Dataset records
· · ·
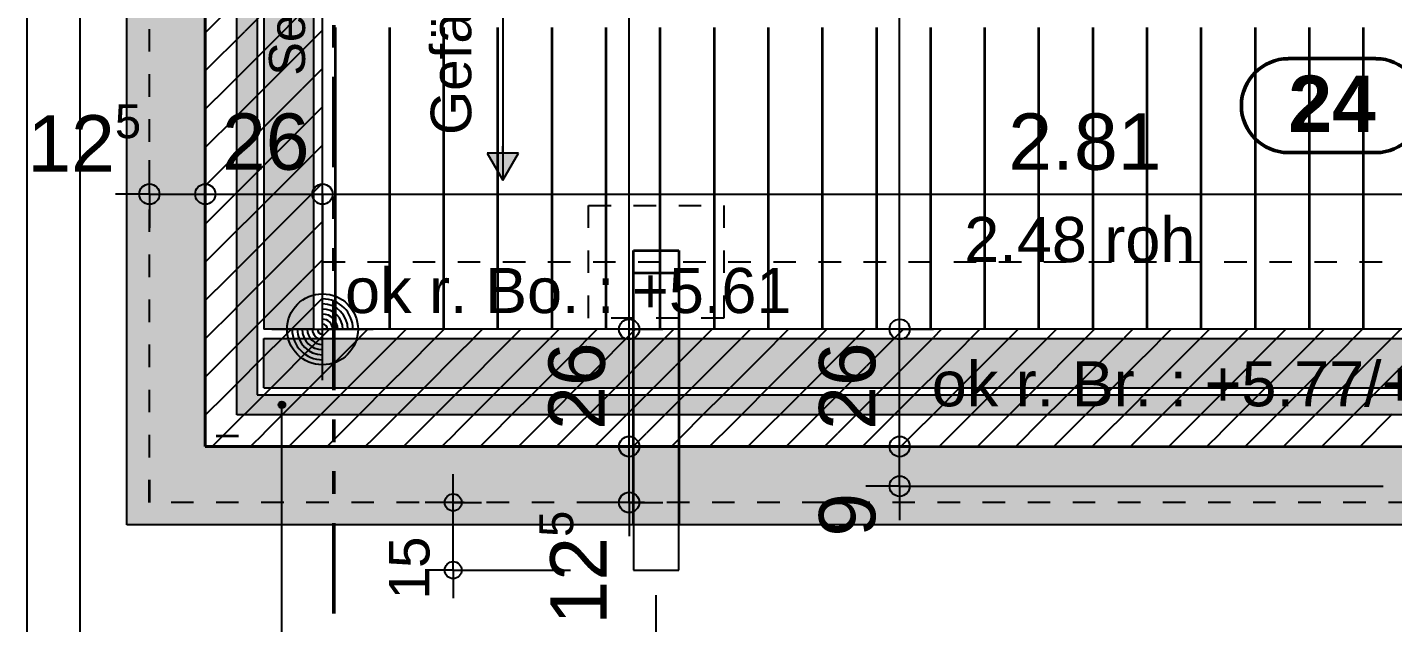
# Model space of a CAD drawing. Header units: centimetres. Extents: x 0.3 to 84.3, y 0.3 to 59.7.
# Drawn here: x 30.55 to 36.61, y 10.26 to 12.9 of the extents above; entities that cross this region are included whole.
import ezdxf

# ---------------------------------------------------------------- set-up
doc = ezdxf.new("R2010")
doc.units = ezdxf.units.CM
for name, pattern in [('AUSGEZOGEN', [0]), ('KURZGESTRICHELT', [0.25, 0.15, -0.1]), ('LINIE_17', [0.05, 0, -0.05]), ('LINIE_23', [0.79, 0.4, -0.13, 0, -0.13, 0, -0.13]), ('PHANTOM', [63.5, 31.75, -6.35, 6.35, -6.35, 6.35, -6.35]), ('PUNKT', [6.35, 0, -6.35]), ('RAND', [44.45, 12.7, -6.35, 12.7, -6.35, 0, -6.35]), ('VERDECKT', [9.525, 6.35, -3.175])]:
    doc.linetypes.add(name, pattern=pattern)
for name, color, linetype, lineweight in [('Ausbau Raeume', 7, 'AUSGEZOGEN', 35), ('Bauachsen grob', 7, 'RAND', 25), ('Beton Ansicht', 7, 'AUSGEZOGEN', 25), ('Beton verdeckt vorne', 7, 'KURZGESTRICHELT', 25), ('Bodenplatte', 7, 'AUSGEZOGEN', 35), ('Decke', 7, 'AUSGEZOGEN', 35), ('Detailmasse', 7, 'AUSGEZOGEN', 25), ('Dichtung', 240, 'AUSGEZOGEN', 25), ('Entwaesserungsb._ Retentionb', 251, 'AUSGEZOGEN', 50), ('Holz Fassadenverkleidung', 7, 'AUSGEZOGEN', 35), ('Holzgelaender', 7, 'AUSGEZOGEN', 50), ('Konstruktion oben', 7, 'VERDECKT', 25), ('Rolladen', 7, 'AUSGEZOGEN', 25), ('Spengler', 7, 'AUSGEZOGEN', 35), ('Text Koten', 7, 'AUSGEZOGEN', 50), ('Text Werkplan Ausfuehrung', 7, 'AUSGEZOGEN', 50), ('Vorhangbrett', 7, 'AUSGEZOGEN', 25), ('Werkplan- Ausfuehrungsmasse', 7, 'AUSGEZOGEN', 25)]:
    doc.layers.add(name, color=color, linetype=linetype, lineweight=lineweight)
doc.styles.add('ARIAL', font='ARIAL.TTF')

msp = doc.modelspace()

# ---------------------------------------------------------------- hatches: boundary and pattern name
at = {"layer": 'Entwaesserungsb._ Retentionb', "linetype": 'AUSGEZOGEN', "lineweight": 25}
msp.add_hatch(color=7, dxfattribs=at).paths.add_polyline_path([(32.591, 12.3462), (32.66, 12.2262), (32.729, 12.3462)])
at = {"layer": 'Holzgelaender', "linetype": 'AUSGEZOGEN', "lineweight": 25, "true_color": 0xe3e3e3}
msp.add_hatch(color=254, dxfattribs=at).paths.add_polyline_path([(31.48, 15.518), (31.48, 11.184), (37.28, 11.184), (37.28, 11.274), (31.57, 11.274), (31.57, 15.518)])
at = {"layer": 'Rolladen', "linetype": 'AUSGEZOGEN', "lineweight": 25, "true_color": 0xf2edfc}
for points in [[(31.6, 15.578), (31.6, 11.564), (31.82, 11.564), (31.82, 15.578)], [(31.6, 11.304), (37.32, 11.304), (37.32, 11.524), (31.6, 11.524)]]:
    msp.add_hatch(color=7, dxfattribs=at).paths.add_polyline_path(points)
at = {"layer": 'Spengler', "linetype": 'AUSGEZOGEN', "lineweight": 25, "true_color": 0xfafafa}
msp.add_hatch(color=7, dxfattribs=at).paths.add_polyline_path([(30.992, 15.618), (30.992, 10.696), (37.38, 10.696), (37.38, 11.044), (31.34, 11.044), (31.34, 15.618)])
at = {"layer": 'Text Werkplan Ausfuehrung', "linetype": 'AUSGEZOGEN', "lineweight": 25}
for points in [[(31.665, 11.229), (31.695, 11.229), (31.6929, 11.2365)], [(31.665, 11.229), (31.6929, 11.2365), (31.6671, 11.2365)], [(31.6671, 11.2215), (31.695, 11.229), (31.665, 11.229)], [(31.6671, 11.2365), (31.6929, 11.2365), (31.6875, 11.2419)], [(31.6671, 11.2365), (31.6875, 11.2419), (31.6725, 11.2419)], [(31.6671, 11.2215), (31.6929, 11.2215), (31.695, 11.229)], [(31.6725, 11.2161), (31.6929, 11.2215), (31.6671, 11.2215)], [(31.6725, 11.2419), (31.6875, 11.2419), (31.68, 11.244)], [(31.6725, 11.2161), (31.6875, 11.2161), (31.6929, 11.2215)], [(31.6875, 11.2161), (31.6725, 11.2161), (31.68, 11.214)]]:
    msp.add_hatch(color=7, dxfattribs=at).paths.add_polyline_path(points)

# ---------------------------------------------------------------- linework, layer by layer
at = {"layer": 'Ausbau Raeume', "color": 254, "linetype": 'AUSGEZOGEN', "lineweight": 35}
for p, q in [((31.9182, 12.1846), (31.9182, 12.9032)), ((32.1582, 12.1846), (32.1582, 12.9032)), ((32.3982, 12.1846), (32.3982, 12.9032)), ((32.6382, 12.1846), (32.6382, 12.9032)), ((32.8782, 12.1846), (32.8782, 12.9032)), ((33.1182, 12.1846), (33.1182, 12.9032)), ((33.3582, 12.1846), (33.3582, 12.9032)), ((33.5982, 12.1846), (33.5982, 12.9032)), ((33.8382, 12.1846), (33.8382, 12.9032)), ((34.0782, 12.1846), (34.0782, 12.9032)), ((34.3182, 12.1846), (34.3182, 12.9032)), ((34.5582, 12.1846), (34.5582, 12.9032)), ((34.7982, 12.1846), (34.7982, 12.9032)), ((35.0382, 12.1846), (35.0382, 12.9032)), ((35.2782, 12.1846), (35.2782, 12.9032)), ((35.5182, 12.1846), (35.5182, 12.9032)), ((35.7582, 12.1846), (35.7582, 12.9032)), ((35.9982, 12.1846), (35.9982, 12.9032)), ((36.2382, 12.1846), (36.2382, 12.9032)), ((36.4782, 12.1846), (36.4782, 12.9032)), ((31.9182, 11.564), (31.9182, 12.1832)), ((32.1582, 11.564), (32.1582, 12.1832)), ((32.3982, 11.564), (32.3982, 12.1832)), ((32.6382, 11.564), (32.6382, 12.1832)), ((32.8782, 11.564), (32.8782, 12.1832)), ((33.1182, 11.564), (33.1182, 12.1832)), ((33.3582, 11.564), (33.3582, 12.1832)), ((33.5982, 11.564), (33.5982, 12.1832)), ((33.8382, 11.564), (33.8382, 12.1832)), ((34.0782, 11.564), (34.0782, 12.1832)), ((34.3182, 11.564), (34.3182, 12.1832)), ((34.5582, 11.564), (34.5582, 12.1832)), ((34.7982, 11.564), (34.7982, 12.1832)), ((35.0382, 11.564), (35.0382, 12.1832)), ((35.2782, 11.564), (35.2782, 12.1832)), ((35.5182, 11.564), (35.5182, 12.1832)), ((35.7582, 11.564), (35.7582, 12.1832)), ((35.9982, 11.564), (35.9982, 12.1832)), ((36.2382, 11.564), (36.2382, 12.1832)), ((36.4782, 11.564), (36.4782, 12.1832))]:
    msp.add_line(p, q, dxfattribs=at)
at = {"layer": 'Bauachsen grob', "color": 32, "linetype": 'LINIE_23', "lineweight": 50, "true_color": 0xc36e14}
msp.add_line((31.91, 1.394), (31.91, 57.974), dxfattribs=at)
at = {"layer": 'Beton Ansicht', "color": 7, "linetype": 'AUSGEZOGEN', "lineweight": 25}
for p, q in [((31.86, 11.564), (31.86, 15.618)), ((37.48, 11.564), (31.86, 11.564))]:
    msp.add_line(p, q, dxfattribs=at)
at = {"layer": 'Beton verdeckt vorne', "color": 7, "linetype": 'VERDECKT', "lineweight": 25}
for p, q in [((31.34, 11.044), (31.34, 15.954)), ((37.48, 11.044), (31.34, 11.044))]:
    msp.add_line(p, q, dxfattribs=at)
at = {"layer": 'Bodenplatte', "color": 92, "linetype": 'VERDECKT', "lineweight": 35, "true_color": 0x00c600}
for p, q in [((31.34, 11.044), (31.34, 15.954)), ((63.04, 11.044), (31.34, 11.044))]:
    msp.add_line(p, q, dxfattribs=at)
at = {"layer": 'Decke', "color": 92, "linetype": 'PHANTOM', "lineweight": 35, "true_color": 0x00c600}
for p, q in [((31.34, 15.954), (31.34, 11.044)), ((31.34, 11.044), (63.04, 11.044))]:
    msp.add_line(p, q, dxfattribs=at)
at = {"layer": 'Detailmasse', "color": 240, "linetype": 'AUSGEZOGEN', "lineweight": 25}
for p, q in [((32.44, 10.796), (32.44, 10.921)), ((32.44, 10.796), (32.315, 10.796)), ((32.44, 10.796), (32.565, 10.796)), ((32.44, 10.796), (32.44, 10.796)), ((32.44, 10.496), (32.44, 10.796)), ((32.44, 10.496), (32.315, 10.496)), ((32.44, 10.496), (32.565, 10.496)), ((32.44, 10.496), (32.96, 10.496)), ((32.44, 10.496), (32.44, 10.371))]:
    msp.add_line(p, q, dxfattribs=at)
msp.add_lwpolyline([(33.34, 8.784), (33.34, 8.854), (33.34, 8.854), (33.34, 8.854), (33.34, 8.854), (33.34, 8.854), (33.34, 8.854), (33.34, 8.854), (33.34, 8.854), (33.34, 10.384)], dxfattribs=at)
for centre in [(32.44, 10.796), (32.44, 10.496)]:
    msp.add_circle(centre, 0.0375, dxfattribs=at)
at = {"layer": 'Dichtung', "color": 21, "linetype": 'AUSGEZOGEN', "lineweight": 25, "true_color": 0xffa8a8}
for p, q in [((31.5163, 12.8863), (31.728, 13.098)), ((31.34, 12.8798), (31.431, 12.9707)), ((31.6011, 12.8015), (31.8128, 13.0132)), ((31.34, 12.7101), (31.5158, 12.8859)), ((31.686, 12.7166), (31.86, 12.8906)), ((31.389, 12.5893), (31.6007, 12.801)), ((31.7708, 12.6318), (31.86, 12.7209)), ((31.4738, 12.5045), (31.6855, 12.7162)), ((31.5587, 12.4196), (31.7704, 12.6313)), ((31.34, 12.5404), (31.3885, 12.5889)), ((31.6435, 12.3348), (31.8552, 12.5465)), ((31.8557, 12.5469), (31.86, 12.5512)), ((31.34, 12.3706), (31.4734, 12.504)), ((31.3465, 12.2075), (31.5583, 12.4192)), ((31.7284, 12.2499), (31.86, 12.3815)), ((31.4314, 12.1226), (31.6431, 12.3343)), ((31.5163, 12.0378), (31.728, 12.2495)), ((31.34, 12.2009), (31.3461, 12.2071)), ((31.8132, 12.1651), (31.86, 12.2118)), ((31.34, 12.0312), (31.431, 12.1222)), ((31.6011, 11.9529), (31.8128, 12.1646)), ((31.34, 11.8615), (31.5158, 12.0374)), ((31.686, 11.8681), (31.86, 12.0421)), ((31.389, 11.7408), (31.6007, 11.9525)), ((31.7708, 11.7832), (31.86, 11.8724)), ((31.4738, 11.6559), (31.6855, 11.8677)), ((31.5587, 11.5711), (31.7704, 11.7828)), ((31.34, 11.6918), (31.3885, 11.7404)), ((31.6435, 11.4862), (31.8552, 11.6979)), ((31.8557, 11.6984), (31.86, 11.7027)), ((31.34, 11.5221), (31.4734, 11.6555)), ((31.3465, 11.359), (31.5583, 11.5707)), ((31.7284, 11.4014), (31.891, 11.564)), ((31.8132, 11.3165), (32.0249, 11.5282)), ((32.0254, 11.5287), (32.0607, 11.564)), ((32.1102, 11.4438), (32.2304, 11.564)), ((32.1951, 11.359), (32.4001, 11.564)), ((32.4921, 11.4862), (32.5698, 11.564)), ((32.5769, 11.4014), (32.7395, 11.564)), ((32.6618, 11.3165), (32.8735, 11.5282)), ((32.8739, 11.5287), (32.9092, 11.564)), ((32.9587, 11.4438), (33.0789, 11.564)), ((33.0436, 11.359), (33.2486, 11.564)), ((33.3406, 11.4862), (33.4183, 11.564)), ((33.4254, 11.4014), (33.5881, 11.564)), ((33.5103, 11.3165), (33.722, 11.5282)), ((33.7224, 11.5287), (33.7578, 11.564)), ((33.8073, 11.4438), (33.9275, 11.564)), ((33.8921, 11.359), (34.0972, 11.564)), ((34.1891, 11.4862), (34.2669, 11.564)), ((34.274, 11.4014), (34.4366, 11.564)), ((34.3588, 11.3165), (34.5705, 11.5282)), ((34.571, 11.5287), (34.6063, 11.564)), ((34.6558, 11.4438), (34.776, 11.564)), ((34.7407, 11.359), (34.9457, 11.564)), ((35.0376, 11.4862), (35.1154, 11.564)), ((35.1225, 11.4014), (35.2851, 11.564)), ((35.2073, 11.3165), (35.4191, 11.5282)), ((35.4195, 11.5287), (35.4548, 11.564)), ((35.5043, 11.4438), (35.6245, 11.564)), ((35.5892, 11.359), (35.7942, 11.564)), ((35.8862, 11.4862), (35.9639, 11.564)), ((35.971, 11.4014), (36.1336, 11.564)), ((36.0559, 11.3165), (36.2676, 11.5282)), ((36.268, 11.5287), (36.3033, 11.564)), ((36.3529, 11.4438), (36.473, 11.564)), ((36.4377, 11.359), (36.6428, 11.564)), ((31.4314, 11.2741), (31.6431, 11.4858)), ((32.2799, 11.2741), (32.4916, 11.4858)), ((33.1285, 11.2741), (33.3402, 11.4858)), ((33.977, 11.2741), (34.1887, 11.4858)), ((34.8255, 11.2741), (35.0372, 11.4858)), ((35.674, 11.2741), (35.8857, 11.4858)), ((36.5226, 11.2741), (36.7343, 11.4858)), ((31.5163, 11.1893), (31.728, 11.401)), ((31.8981, 11.2317), (32.1098, 11.4434)), ((32.3648, 11.1893), (32.5765, 11.401)), ((32.7466, 11.2317), (32.9583, 11.4434)), ((33.2133, 11.1893), (33.425, 11.401)), ((33.5951, 11.2317), (33.8069, 11.4434)), ((34.0618, 11.1893), (34.2735, 11.401)), ((34.4437, 11.2317), (34.6554, 11.4434)), ((34.9104, 11.1893), (35.1221, 11.401)), ((35.2922, 11.2317), (35.5039, 11.4434)), ((35.7589, 11.1893), (35.9706, 11.401)), ((36.1407, 11.2317), (36.3524, 11.4434)), ((31.34, 11.3524), (31.3461, 11.3585)), ((31.9829, 11.1468), (32.1946, 11.3585)), ((32.8315, 11.1468), (33.0432, 11.3585)), ((33.68, 11.1468), (33.8917, 11.3585)), ((34.5285, 11.1468), (34.7402, 11.3585)), ((35.3771, 11.1468), (35.5888, 11.3585)), ((36.2256, 11.1468), (36.4373, 11.3585)), ((31.34, 11.1827), (31.431, 11.2737)), ((31.6011, 11.1044), (31.8128, 11.3161)), ((32.0678, 11.062), (32.2795, 11.2737)), ((32.4496, 11.1044), (32.6613, 11.3161)), ((32.9163, 11.062), (33.128, 11.2737)), ((33.2982, 11.1044), (33.5099, 11.3161)), ((33.7649, 11.062), (33.9766, 11.2737)), ((34.1467, 11.1044), (34.3584, 11.3161)), ((34.6134, 11.062), (34.8251, 11.2737)), ((34.9952, 11.1044), (35.2069, 11.3161)), ((35.4619, 11.062), (35.6736, 11.2737)), ((35.8437, 11.1044), (36.0555, 11.3161)), ((36.3104, 11.062), (36.5221, 11.2737)), ((31.7104, 11.044), (31.8977, 11.2313)), ((32.5589, 11.044), (32.7462, 11.2313)), ((33.4075, 11.044), (33.5947, 11.2313)), ((34.256, 11.044), (34.4432, 11.2313)), ((35.1045, 11.044), (35.2918, 11.2313)), ((35.953, 11.044), (36.1403, 11.2313)), ((31.371, 11.044), (31.5158, 11.1888)), ((31.8801, 11.044), (31.9825, 11.1464)), ((32.2195, 11.044), (32.3644, 11.1888)), ((32.7286, 11.044), (32.831, 11.1464)), ((33.0681, 11.044), (33.2129, 11.1888)), ((33.5772, 11.044), (33.6796, 11.1464)), ((33.9166, 11.044), (34.0614, 11.1888)), ((34.4257, 11.044), (34.5281, 11.1464)), ((34.7651, 11.044), (34.9099, 11.1888)), ((35.2742, 11.044), (35.3766, 11.1464)), ((35.6136, 11.044), (35.7585, 11.1888)), ((36.1228, 11.044), (36.2252, 11.1464)), ((36.4622, 11.044), (36.607, 11.1888)), ((31.5407, 11.044), (31.6007, 11.104)), ((32.3892, 11.044), (32.4492, 11.104)), ((33.2378, 11.044), (33.2977, 11.104)), ((34.0863, 11.044), (34.1463, 11.104)), ((34.9348, 11.044), (34.9948, 11.104)), ((35.7833, 11.044), (35.8433, 11.104)), ((32.0498, 11.044), (32.0674, 11.0615)), ((32.8983, 11.044), (32.9159, 11.0615)), ((33.7469, 11.044), (33.7644, 11.0615)), ((34.5954, 11.044), (34.613, 11.0615)), ((35.4439, 11.044), (35.4615, 11.0615)), ((36.2925, 11.044), (36.31, 11.0615))]:
    msp.add_line(p, q, dxfattribs=at)
at = {"layer": 'Entwaesserungsb._ Retentionb', "color": 7, "linetype": 'AUSGEZOGEN', "lineweight": 25}
for p, q in [((32.66, 14.4752), (32.66, 12.2262)), ((32.66, 12.3462), (32.66, 12.3762)), ((32.729, 12.3462), (32.591, 12.3462)), ((32.591, 12.3462), (32.66, 12.2262)), ((32.66, 12.2262), (32.729, 12.3462)), ((32.66, 12.2262), (32.66, 12.2262)), ((32.66, 12.2262), (32.66, 12.2262)), ((32.66, 12.2262), (32.66, 12.2262))]:
    msp.add_line(p, q, dxfattribs=at)
at = {"layer": 'Entwaesserungsb._ Retentionb', "color": 7, "linetype": 'LINIE_17', "lineweight": 25}
msp.add_line((31.86, 11.864), (46.96, 11.864), dxfattribs=at)
at = {"layer": 'Holz Fassadenverkleidung', "color": 7, "linetype": 'LINIE_17', "lineweight": 25}
for p, q in [((31.092, 10.796), (31.092, 19.354)), ((63.288, 10.796), (31.092, 10.796))]:
    msp.add_line(p, q, dxfattribs=at)
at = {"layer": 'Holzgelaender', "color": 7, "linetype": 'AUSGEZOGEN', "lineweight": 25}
· · ·
▸ WHAT IS BEING ASKED:
Among the records above, how many lines carry the string "ezdxf"? Reply with the number alone.

▸ EXERCISE SOLUTION:
3